Problem to solve:
A single number is required: how many lines in the entries hold the word "ANSI".

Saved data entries
=== Begin Enclosure ===

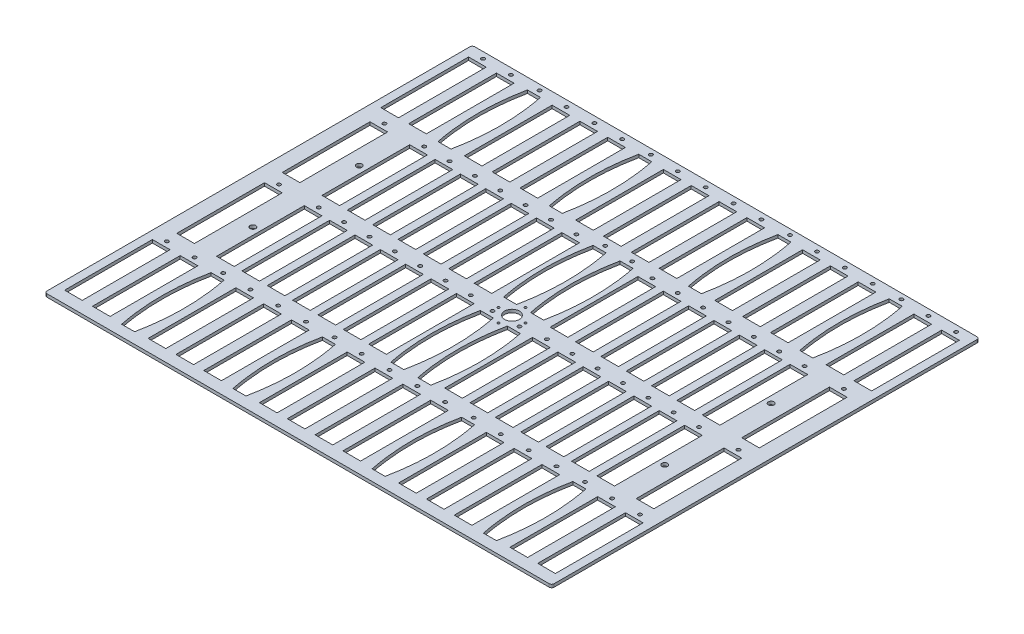
SolidWorks part; units mm, degrees
ref_plane "Front Plane" through (0, 0, 0) normal (0, 0, 1) x (1, 0, 0)
ref_plane "Top Plane" through (0, 0, 0) normal (0, 1, 0) x (1, 0, 0)
ref_plane "Right Plane" through (0, 0, 0) normal (1, 0, 0) x (0, 0, -1)
sketch "Sketch1" plane through (0, 0, 0) normal (0, 1, 0) x (1, 0, 0)
  line L1 (-262.7312, -221.6379) -> (262.7312, -221.6379)
  line L2 (-262.7312, -221.6379) -> (-262.7312, 221.6379)
  line L3 (-262.7312, 221.6379) -> (262.7312, 221.6379)
  line L4 (262.7312, -221.6379) -> (262.7312, 221.6379)
  line L5 (-262.7312, -221.6379) -> (262.7312, 221.6379) construction
  line L6 (-262.7312, 221.6379) -> (262.7312, -221.6379) construction
  point P0 (0, 0)
  dimension "D1" = 525.4625
  dimension "D2" = 443.2757
extrude "Boss-Extrude1" add sketch "Sketch1" along normal blind 3.175
sketch "Sketch2" plane through (0, 3.175, 0) normal (0, 1, 0) x (1, 0, 0)
  circle A0 centre (0, 0) radius 7.62
  dimension "D1" = 15.24
extrude "Cut-Extrude1" cut sketch "Sketch2" against normal through all
hole_wizard "#2 Clearance Hole1" positions "Sketch3" profile "Sketch4" hole size "#2" standard "ANSI Inch" end condition through all
sketch "Sketch3" plane through (0, 3.175, 0) normal (0, 1, 0) x (1, 0, 0)
  line L0 (0, 0) -> (0, 13.97) construction
  line L2 (0, 0) -> (13.97, 0) construction
  line L3 (0, 0) -> (0, -13.97) construction
  line L4 (0, 0) -> (-13.97, 0) construction
  point P194 (0, 13.97)
  point P202 (13.97, 0)
  point P203 (0, -13.97)
  point P204 (-13.97, 0)
  point P205 (0, 0)
  dimension "D1" = 4
  dimension "D2" = 13.97
sketch "Sketch4" plane through (0, 3.175, 0) normal (1, 0, 0) x (0, 0, 1)
  line L0 (0, 0) -> (0, 3.175)
  line L1 (0, 3.175) -> (1.2192, 3.175)
  line L2 (1.2192, 3.175) -> (1.2192, 0)
  line L5 (1.2192, 0) -> (0, 0)
  line L11 (0, -6.35) -> (0, 107.95) construction
  dimension "Thru Hole Dia." = 2.4384
  dimension "Thru Hole Depth" = 3.175
hole_wizard "#1 (0.228) Diameter Hole1" positions "Sketch6" profile "Sketch7" hole size "#1" standard "ANSI Inch" end condition through all
sketch "Sketch6" plane through (0, 3.175, 0) normal (0, 1, 0) x (1, 0, 0)
  line L1 (-213.36, -55.1011) -> (213.36, -55.1011) construction
  line L2 (-213.36, -55.1011) -> (-213.36, 55.1011) construction
  line L3 (-213.36, 55.1011) -> (213.36, 55.1011) construction
  line L4 (213.36, -55.1011) -> (213.36, 55.1011) construction
  line L5 (-213.36, -55.1011) -> (213.36, 55.1011) construction
  line L6 (-213.36, 55.1011) -> (213.36, -55.1011) construction
  circle A0 centre (0, 0) radius 7.62 construction
  point P2 (213.36, 55.1011)
  point P11 (-213.36, -55.1011)
  point P12 (-213.36, 55.1011)
  point P13 (213.36, -55.1011)
  point P26 (-213.36, 55.1011)
  point P28 (213.36, 55.1011)
  point P30 (213.36, -55.1011)
  point P32 (-213.36, -55.1011)
  dimension "D1" = 426.72
  dimension "D2" = 110.2021
  dimension "D3" = 213.36
  dimension "D4" = 55.1011
sketch "Sketch7" plane through (213.36, 3.175, -55.1011) normal (1, 0, 0) x (0, 0, 1)
  line L0 (0, 0) -> (0, 3.175)
  line L1 (0, 3.175) -> (2.8956, 3.175)
  line L2 (2.8956, 3.175) -> (2.8956, 0)
  line L5 (2.8956, 0) -> (0, 0)
  line L11 (0, -6.35) -> (0, 107.95) construction
  dimension "Thru Hole Dia." = 5.7912
  dimension "Thru Hole Depth" = 3.175
sketch "Sketch5" plane through (0, 3.175, 0) normal (0, 1, 0) x (1, 0, 0)
  line L0 (-262.7312, 163.8275) -> (262.7312, 163.8275) construction
  line L1 (-198.8875, 163.8275) -> (-176.0275, 163.8275) construction
  line L2 (-245.1367, 221.6379) -> (-245.1367, -221.6379) construction
  line L3 (-262.7312, 221.6379) -> (-262.7312, -221.6379) construction
  line L4 (-262.7312, -221.6379) -> (262.7312, -221.6379) construction
  line L5 (-216.2971, 221.6379) -> (-216.2971, -221.6379) construction
  line L6 (262.7312, -221.6379) -> (262.7312, 221.6379) construction
  line L7 (-187.4575, 221.6379) -> (-187.4575, -221.6379) construction
  line L8 (-262.7312, 54.6066) -> (262.7312, 54.6066) construction
  line L9 (-262.7312, -54.6142) -> (262.7312, -54.6142) construction
  line L10 (-262.7312, -163.8351) -> (262.7312, -163.8351) construction
  line L11 (262.7312, 221.6379) -> (-262.7312, 221.6379) construction
  line L12 (-158.6179, 221.6379) -> (-158.6179, -221.6379) construction
  line L13 (-129.7783, 221.6379) -> (-129.7783, -221.6379) construction
  line L14 (-100.9388, 221.6379) -> (-100.9388, -221.6379) construction
  line L15 (-72.0992, 221.6379) -> (-72.0992, -221.6379) construction
  line L16 (-43.2596, 221.6379) -> (-43.2596, -221.6379) construction
  line L17 (-14.42, 221.6379) -> (-14.42, -221.6379) construction
  line L18 (14.4196, 221.6379) -> (14.4196, -221.6379) construction
  line L19 (43.2592, 221.6379) -> (43.2592, -221.6379) construction
  line L20 (72.0987, 221.6379) -> (72.0987, -221.6379) construction
  line L21 (100.9383, 221.6379) -> (100.9383, -221.6379) construction
  line L22 (129.7779, 221.6379) -> (129.7779, -221.6379) construction
  line L23 (158.6175, 221.6379) -> (158.6175, -221.6379) construction
  line L24 (187.4571, 221.6379) -> (187.4571, -221.6379) construction
  line L25 (216.2967, 221.6379) -> (216.2967, -221.6379) construction
  line L26 (245.1362, 221.6379) -> (245.1362, -221.6379) construction
  line L27 (-225.4415, 209.2935) -> (-207.1535, 209.2935)
  line L28 (-254.2807, 209.2935) -> (-235.9927, 209.2935)
  line L29 (-254.2807, 209.2935) -> (-254.2807, 118.3615)
  line L30 (-254.2807, 118.3615) -> (-235.9927, 118.3615)
  line L31 (-235.9927, 209.2935) -> (-235.9927, 118.3615)
  line L32 (-254.2807, 209.2935) -> (-235.9927, 118.3615) construction
  line L33 (-254.2807, 118.3615) -> (-235.9927, 209.2935) construction
  line L34 (-254.2807, -118.3691) -> (-235.9927, -118.3691)
  line L35 (-254.2807, -118.3691) -> (-254.2807, -209.3011)
  line L36 (-254.2807, -209.3011) -> (-235.9927, -209.3011)
  line L37 (-235.9927, -118.3691) -> (-235.9927, -209.3011)
  line L38 (-254.2807, -118.3691) -> (-235.9927, -209.3011) construction
  line L39 (-254.2807, -209.3011) -> (-235.9927, -118.3691) construction
  line L40 (-225.4415, 209.2935) -> (-225.4415, 118.3615)
  line L41 (-207.1535, 209.2935) -> (-207.1535, 118.3615)
  line L42 (-225.4415, 118.3615) -> (-207.1535, 118.3615)
  line L43 (-225.4415, -118.3691) -> (-207.1535, -118.3691)
  line L44 (-207.1535, -118.3691) -> (-207.1535, -209.3011)
  line L45 (-225.4415, -118.3691) -> (-225.4415, -209.3011)
  line L46 (-225.4415, -209.3011) -> (-207.1535, -209.3011)
  line L47 (-194.1885, 210.1825) -> (-180.7265, 210.1825)
  line L48 (-194.1885, 210.1825) -> (-194.1885, 117.4725) construction
  line L49 (-194.1885, 117.4725) -> (-180.7265, 117.4725)
  line L50 (-180.7265, 210.1825) -> (-180.7265, 117.4725) construction
  line L51 (-194.1885, 210.1825) -> (-180.7265, 117.4725) construction
  line L52 (-194.1885, 117.4725) -> (-180.7265, 210.1825) construction
  line L53 (-78.8302, 210.1825) -> (-65.3682, 210.1825)
  line L54 (-78.8302, 117.4725) -> (-65.3682, 117.4725)
  line L55 (-167.7632, 209.2935) -> (-149.4752, 209.2935)
  line L56 (-167.7632, 209.2935) -> (-167.7632, 118.3615)
  line L57 (-149.4752, 209.2935) -> (-149.4752, 118.3615)
  line L58 (-167.7632, 118.3615) -> (-149.4752, 118.3615)
  line L59 (-167.7632, -118.3691) -> (-149.4752, -118.3691)
  line L60 (-149.4752, -118.3691) -> (-149.4752, -209.3011)
  line L61 (-167.7632, -118.3691) -> (-167.7632, -209.3011)
  line L62 (-167.7632, -209.3011) -> (-149.4752, -209.3011)
  line L63 (-138.924, 209.2935) -> (-120.636, 209.2935)
  line L64 (-138.924, 209.2935) -> (-138.924, 118.3615)
  line L65 (-120.636, 209.2935) -> (-120.636, 118.3615)
  line L66 (-138.924, 118.3615) -> (-120.636, 118.3615)
  line L67 (-138.924, -118.3691) -> (-120.636, -118.3691)
  line L68 (-120.636, -118.3691) -> (-120.636, -209.3011)
  line L69 (-138.924, -118.3691) -> (-138.924, -209.3011)
  line L70 (-138.924, -209.3011) -> (-120.636, -209.3011)
  line L71 (-110.0849, 209.2935) -> (-91.7969, 209.2935)
  line L72 (-110.0849, 209.2935) -> (-110.0849, 118.3615)
  line L73 (-91.7969, 209.2935) -> (-91.7969, 118.3615)
  line L74 (-110.0849, 118.3615) -> (-91.7969, 118.3615)
  line L75 (-110.0849, -118.3691) -> (-91.7969, -118.3691)
  line L76 (-91.7969, -118.3691) -> (-91.7969, -209.3011)
  line L77 (-110.0849, -118.3691) -> (-110.0849, -209.3011)
  line L78 (-110.0849, -209.3011) -> (-91.7969, -209.3011)
  line L79 (65.3677, 210.1825) -> (78.8297, 210.1825)
  line L80 (65.3677, 117.4725) -> (78.8297, 117.4725)
  line L81 (180.7261, 210.1825) -> (194.1881, 210.1825)
  line L82 (180.7261, 117.4725) -> (194.1881, 117.4725)
  line L83 (-194.1885, -117.6299) -> (-180.7265, -117.6299)
  line L84 (-194.1885, -210.3399) -> (-180.7265, -210.3399)
  line L85 (-78.8302, -117.6299) -> (-65.3682, -117.6299)
  line L86 (-78.8302, -210.3399) -> (-65.3682, -210.3399)
  line L87 (-52.4065, 209.2935) -> (-34.1185, 209.2935)
  line L88 (-52.4065, 209.2935) -> (-52.4065, 118.3615)
  line L89 (-34.1185, 209.2935) -> (-34.1185, 118.3615)
  line L90 (-52.4065, 118.3615) -> (-34.1185, 118.3615)
  line L91 (-52.4065, -118.3691) -> (-34.1185, -118.3691)
  line L92 (-34.1185, -118.3691) -> (-34.1185, -209.3011)
  line L93 (-52.4065, -118.3691) -> (-52.4065, -209.3011)
  line L94 (-52.4065, -209.3011) -> (-34.1185, -209.3011)
  line L95 (-23.5674, 209.2935) -> (-5.2794, 209.2935)
  line L96 (-23.5674, 209.2935) -> (-23.5674, 118.3615)
  line L97 (-5.2794, 209.2935) -> (-5.2794, 118.3615)
  line L98 (-23.5674, 118.3615) -> (-5.2794, 118.3615)
  line L99 (-23.5674, -118.3691) -> (-5.2794, -118.3691)
  line L100 (-5.2794, -118.3691) -> (-5.2794, -209.3011)
  line L101 (-23.5674, -118.3691) -> (-23.5674, -209.3011)
  line L102 (-23.5674, -209.3011) -> (-5.2794, -209.3011)
  line L103 (5.2718, 209.2935) -> (23.5598, 209.2935)
  line L104 (5.2718, 209.2935) -> (5.2718, 118.3615)
  line L105 (23.5598, 209.2935) -> (23.5598, 118.3615)
  line L106 (5.2718, 118.3615) -> (23.5598, 118.3615)
  line L107 (5.2718, -118.3691) -> (23.5598, -118.3691)
  line L108 (23.5598, -118.3691) -> (23.5598, -209.3011)
  line L109 (5.2718, -118.3691) -> (5.2718, -209.3011)
  line L110 (5.2718, -209.3011) -> (23.5598, -209.3011)
  line L111 (34.1109, 209.2935) -> (52.3989, 209.2935)
  line L112 (34.1109, 209.2935) -> (34.1109, 118.3615)
  line L113 (52.3989, 209.2935) -> (52.3989, 118.3615)
  line L114 (34.1109, 118.3615) -> (52.3989, 118.3615)
  line L115 (34.1109, -118.3691) -> (52.3989, -118.3691)
  line L116 (52.3989, -118.3691) -> (52.3989, -209.3011)
  line L117 (34.1109, -118.3691) -> (34.1109, -209.3011)
  line L118 (34.1109, -209.3011) -> (52.3989, -209.3011)
  line L119 (180.7261, -117.6299) -> (194.1881, -117.6299)
  line L120 (180.7261, -210.3399) -> (194.1881, -210.3399)
  line L121 (65.3677, -210.3399) -> (78.8297, -210.3399)
  line L122 (65.3677, -117.6299) -> (78.8297, -117.6299)
  line L127 (91.7892, 209.2935) -> (110.0772, 209.2935)
  line L128 (91.7892, 209.2935) -> (91.7893, 118.3615)
  line L129 (110.0772, 209.2935) -> (110.0773, 118.3615)
  line L130 (91.7893, 118.3615) -> (110.0773, 118.3615)
  line L131 (91.7893, -118.3691) -> (110.0773, -118.3691)
  line L132 (110.0773, -118.3691) -> (110.0773, -209.3011)
  line L133 (91.7893, -118.3691) -> (91.7893, -209.3011)
  line L134 (91.7893, -209.3011) -> (110.0773, -209.3011)
  line L135 (120.6284, 209.2935) -> (138.9164, 209.2935)
  line L136 (120.6284, 209.2935) -> (120.6284, 118.3615)
  line L137 (138.9164, 209.2935) -> (138.9164, 118.3615)
  line L138 (120.6284, 118.3615) -> (138.9164, 118.3615)
  line L139 (120.6284, -118.3691) -> (138.9164, -118.3691)
  line L140 (138.9164, -118.3691) -> (138.9164, -209.3011)
  line L141 (120.6284, -118.3691) -> (120.6284, -209.3011)
  line L142 (120.6284, -209.3011) -> (138.9164, -209.3011)
  line L143 (149.4676, 209.2935) -> (167.7556, 209.2935)
  line L144 (149.4676, 209.2935) -> (149.4676, 118.3615)
  line L145 (167.7556, 209.2935) -> (167.7556, 118.3615)
  line L146 (149.4676, 118.3615) -> (167.7556, 118.3615)
  line L147 (149.4676, -118.3691) -> (167.7556, -118.3691)
  line L148 (167.7556, -118.3691) -> (167.7556, -209.3011)
  line L149 (149.4676, -118.3691) -> (149.4676, -209.3011)
  line L150 (149.4676, -209.3011) -> (167.7556, -209.3011)
  line L159 (207.1459, 209.2935) -> (225.4339, 209.2935)
  line L160 (207.1459, 209.2935) -> (207.1459, 118.3615)
  line L161 (225.4339, 209.2935) -> (225.4339, 118.3615)
  line L162 (207.1459, 118.3615) -> (225.4339, 118.3615)
  line L163 (207.1459, -118.3691) -> (225.4339, -118.3691)
  line L164 (225.4339, -118.3691) -> (225.4339, -209.3011)
  line L165 (207.1459, -118.3691) -> (207.1459, -209.3011)
  line L166 (207.1459, -209.3011) -> (225.4339, -209.3011)
  line L167 (235.985, 209.2935) -> (254.2731, 209.2935)
  line L168 (235.985, 209.2935) -> (235.9851, 118.3615)
  line L169 (254.2731, 209.2935) -> (254.2731, 118.3615)
  line L170 (235.9851, 118.3615) -> (254.2731, 118.3615)
  line L171 (235.9851, -118.3691) -> (254.2731, -118.3691)
  line L172 (254.2731, -118.3691) -> (254.2731, -209.3011)
  line L173 (235.9851, -118.3691) -> (235.9851, -209.3011)
  line L174 (235.9851, -209.3011) -> (254.2731, -209.3011)
  line L337 (-178.3143, 209.2935) -> (-178.3143, 118.3615) [skipped]
  line L338 (-196.6023, 118.3615) -> (-178.3143, 118.3615) [skipped]
  line L339 (-196.6023, 209.2935) -> (-196.6023, 118.3615) [skipped]
  line L340 (-196.6023, 209.2935) -> (-178.3143, 209.2935) [skipped]
  line L341 (-62.9577, 209.2935) -> (-62.9577, 118.3615) [skipped]
  line L342 (-81.2457, 209.2935) -> (-62.9577, 209.2935) [skipped]
  line L343 (-81.2457, 209.2935) -> (-81.2457, 118.3615) [skipped]
  line L344 (-81.2457, 118.3615) -> (-62.9577, 118.3615) [skipped]
  line L345 (-196.6023, -118.3691) -> (-178.3143, -118.3691) [skipped]
  line L346 (-196.6023, -209.3011) -> (-178.3143, -209.3011) [skipped]
  line L347 (-178.3143, -118.3691) -> (-178.3143, -209.3011) [skipped]
  line L348 (-196.6023, -118.3691) -> (-196.6023, -209.3011) [skipped]
  line L349 (-81.2457, -118.3691) -> (-62.9577, -118.3691) [skipped]
  line L350 (-81.2457, -118.3691) -> (-81.2457, -209.3011) [skipped]
  line L351 (-62.9577, -118.3691) -> (-62.9577, -209.3011) [skipped]
  line L352 (-81.2457, -209.3011) -> (-62.9577, -209.3011) [skipped]
  line L353 (178.3067, -118.3691) -> (196.5947, -118.3691) [skipped]
  line L354 (196.5947, -118.3691) -> (196.5947, -209.3011) [skipped]
  line L355 (178.3067, -118.3691) -> (178.3067, -209.3011) [skipped]
  line L356 (178.3067, -209.3011) -> (196.5947, -209.3011) [skipped]
  line L357 (62.9501, -209.3011) -> (81.2381, -209.3011) [skipped]
  line L358 (81.2381, -118.3691) -> (81.2381, -209.3011) [skipped]
  line L359 (62.9501, -118.3691) -> (62.9501, -209.3011) [skipped]
  line L360 (62.9501, -118.3691) -> (81.2381, -118.3691) [skipped]
  line L361 (178.3067, 118.3615) -> (196.5947, 118.3615) [skipped]
  line L362 (196.5947, 209.2935) -> (196.5947, 118.3615) [skipped]
  line L363 (178.3067, 209.2935) -> (178.3067, 118.3615) [skipped]
  line L364 (178.3067, 209.2935) -> (196.5947, 209.2935) [skipped]
  line L365 (62.9501, 118.3615) -> (81.2381, 118.3615) [skipped]
  line L366 (62.9501, 209.2935) -> (62.9501, 118.3615) [skipped]
  line L367 (81.2381, 209.2935) -> (81.2381, 118.3615) [skipped]
  line L368 (62.9501, 209.2935) -> (81.2381, 209.2935) [skipped]
  circle A0 centre (-245.1367, 215.1355) radius 1.8288
  circle A1 centre (-245.1367, -112.5271) radius 1.8288
  circle A2 centre (-216.2975, 215.1355) radius 1.8288
  circle A3 centre (-216.2975, -112.5271) radius 1.8288
  circle A4 centre (-187.4575, 216.0245) radius 1.8288
  circle A5 centre (-72.0992, 216.0245) radius 1.8288
  circle A6 centre (-158.6192, 215.1355) radius 1.8288
  circle A7 centre (-158.6192, -112.5271) radius 1.8288
  circle A8 centre (-129.78, 215.1355) radius 1.8288
  circle A9 centre (-129.78, -112.5271) radius 1.8288
  circle A10 centre (-100.9409, 215.1355) radius 1.8288
  circle A11 centre (-100.9409, -112.5271) radius 1.8288
  circle A12 centre (72.0987, 216.0245) radius 1.8288
  circle A13 centre (187.4571, 216.0245) radius 1.8288
  circle A14 centre (-43.2625, 215.1355) radius 1.8288
  circle A15 centre (-43.2625, -112.5271) radius 1.8288
  circle A16 centre (-14.4234, 215.1355) radius 1.8288
  circle A17 centre (-14.4234, -112.5271) radius 1.8288
  circle A18 centre (14.4158, 215.1355) radius 1.8288
  circle A19 centre (14.4158, -112.5271) radius 1.8288
  circle A20 centre (43.2549, 215.1355) radius 1.8288
  circle A21 centre (43.2549, -112.5271) radius 1.8288
  circle A22 centre (-187.4575, -111.7879) radius 1.8288
  circle A23 centre (-72.0992, -111.7879) radius 1.8288
  circle A24 centre (100.9333, 215.1355) radius 1.8288
  circle A25 centre (100.9333, -112.5271) radius 1.8288
  circle A26 centre (129.7724, 215.1355) radius 1.8288
  circle A27 centre (129.7724, -112.5271) radius 1.8288
  circle A28 centre (158.6116, 215.1355) radius 1.8288
  circle A29 centre (158.6116, -112.5271) radius 1.8288
  circle A30 centre (187.4571, -111.7879) radius 1.8288
  circle A31 centre (72.0987, -111.7879) radius 1.8288
  circle A32 centre (216.2899, 215.1355) radius 1.8288
  circle A33 centre (216.2899, -112.5271) radius 1.8288
  circle A34 centre (245.129, 215.1355) radius 1.8288
  circle A35 centre (245.1291, -112.5271) radius 1.8288
  circle A36 centre (-72.1017, 215.1355) radius 1.8288 [skipped]
  circle A37 centre (-187.4583, 215.1355) radius 1.8288 [skipped]
  circle A38 centre (-187.4583, -112.5271) radius 1.8288 [skipped]
  circle A39 centre (-72.1017, -112.5271) radius 1.8288 [skipped]
  circle A40 centre (187.4507, -112.5271) radius 1.8288 [skipped]
  circle A41 centre (72.0941, -112.5271) radius 1.8288 [skipped]
  circle A42 centre (187.4507, 215.1355) radius 1.8288 [skipped]
  circle A43 centre (72.0941, 215.1355) radius 1.8288 [skipped]
  spline S0 degree 2 poles (-180.7265, 210.1825) (-171.3285, 163.8275) (-180.7265, 117.4725) knots 0 0 0 1 1 1
  spline S1 degree 2 poles (-194.1885, 210.1825) (-203.5865, 163.8275) (-194.1885, 117.4725) knots 0 0 0 1 1 1
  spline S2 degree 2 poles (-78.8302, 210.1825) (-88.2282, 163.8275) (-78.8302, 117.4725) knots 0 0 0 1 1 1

=== End Enclosure ===

Result of the exercise:
2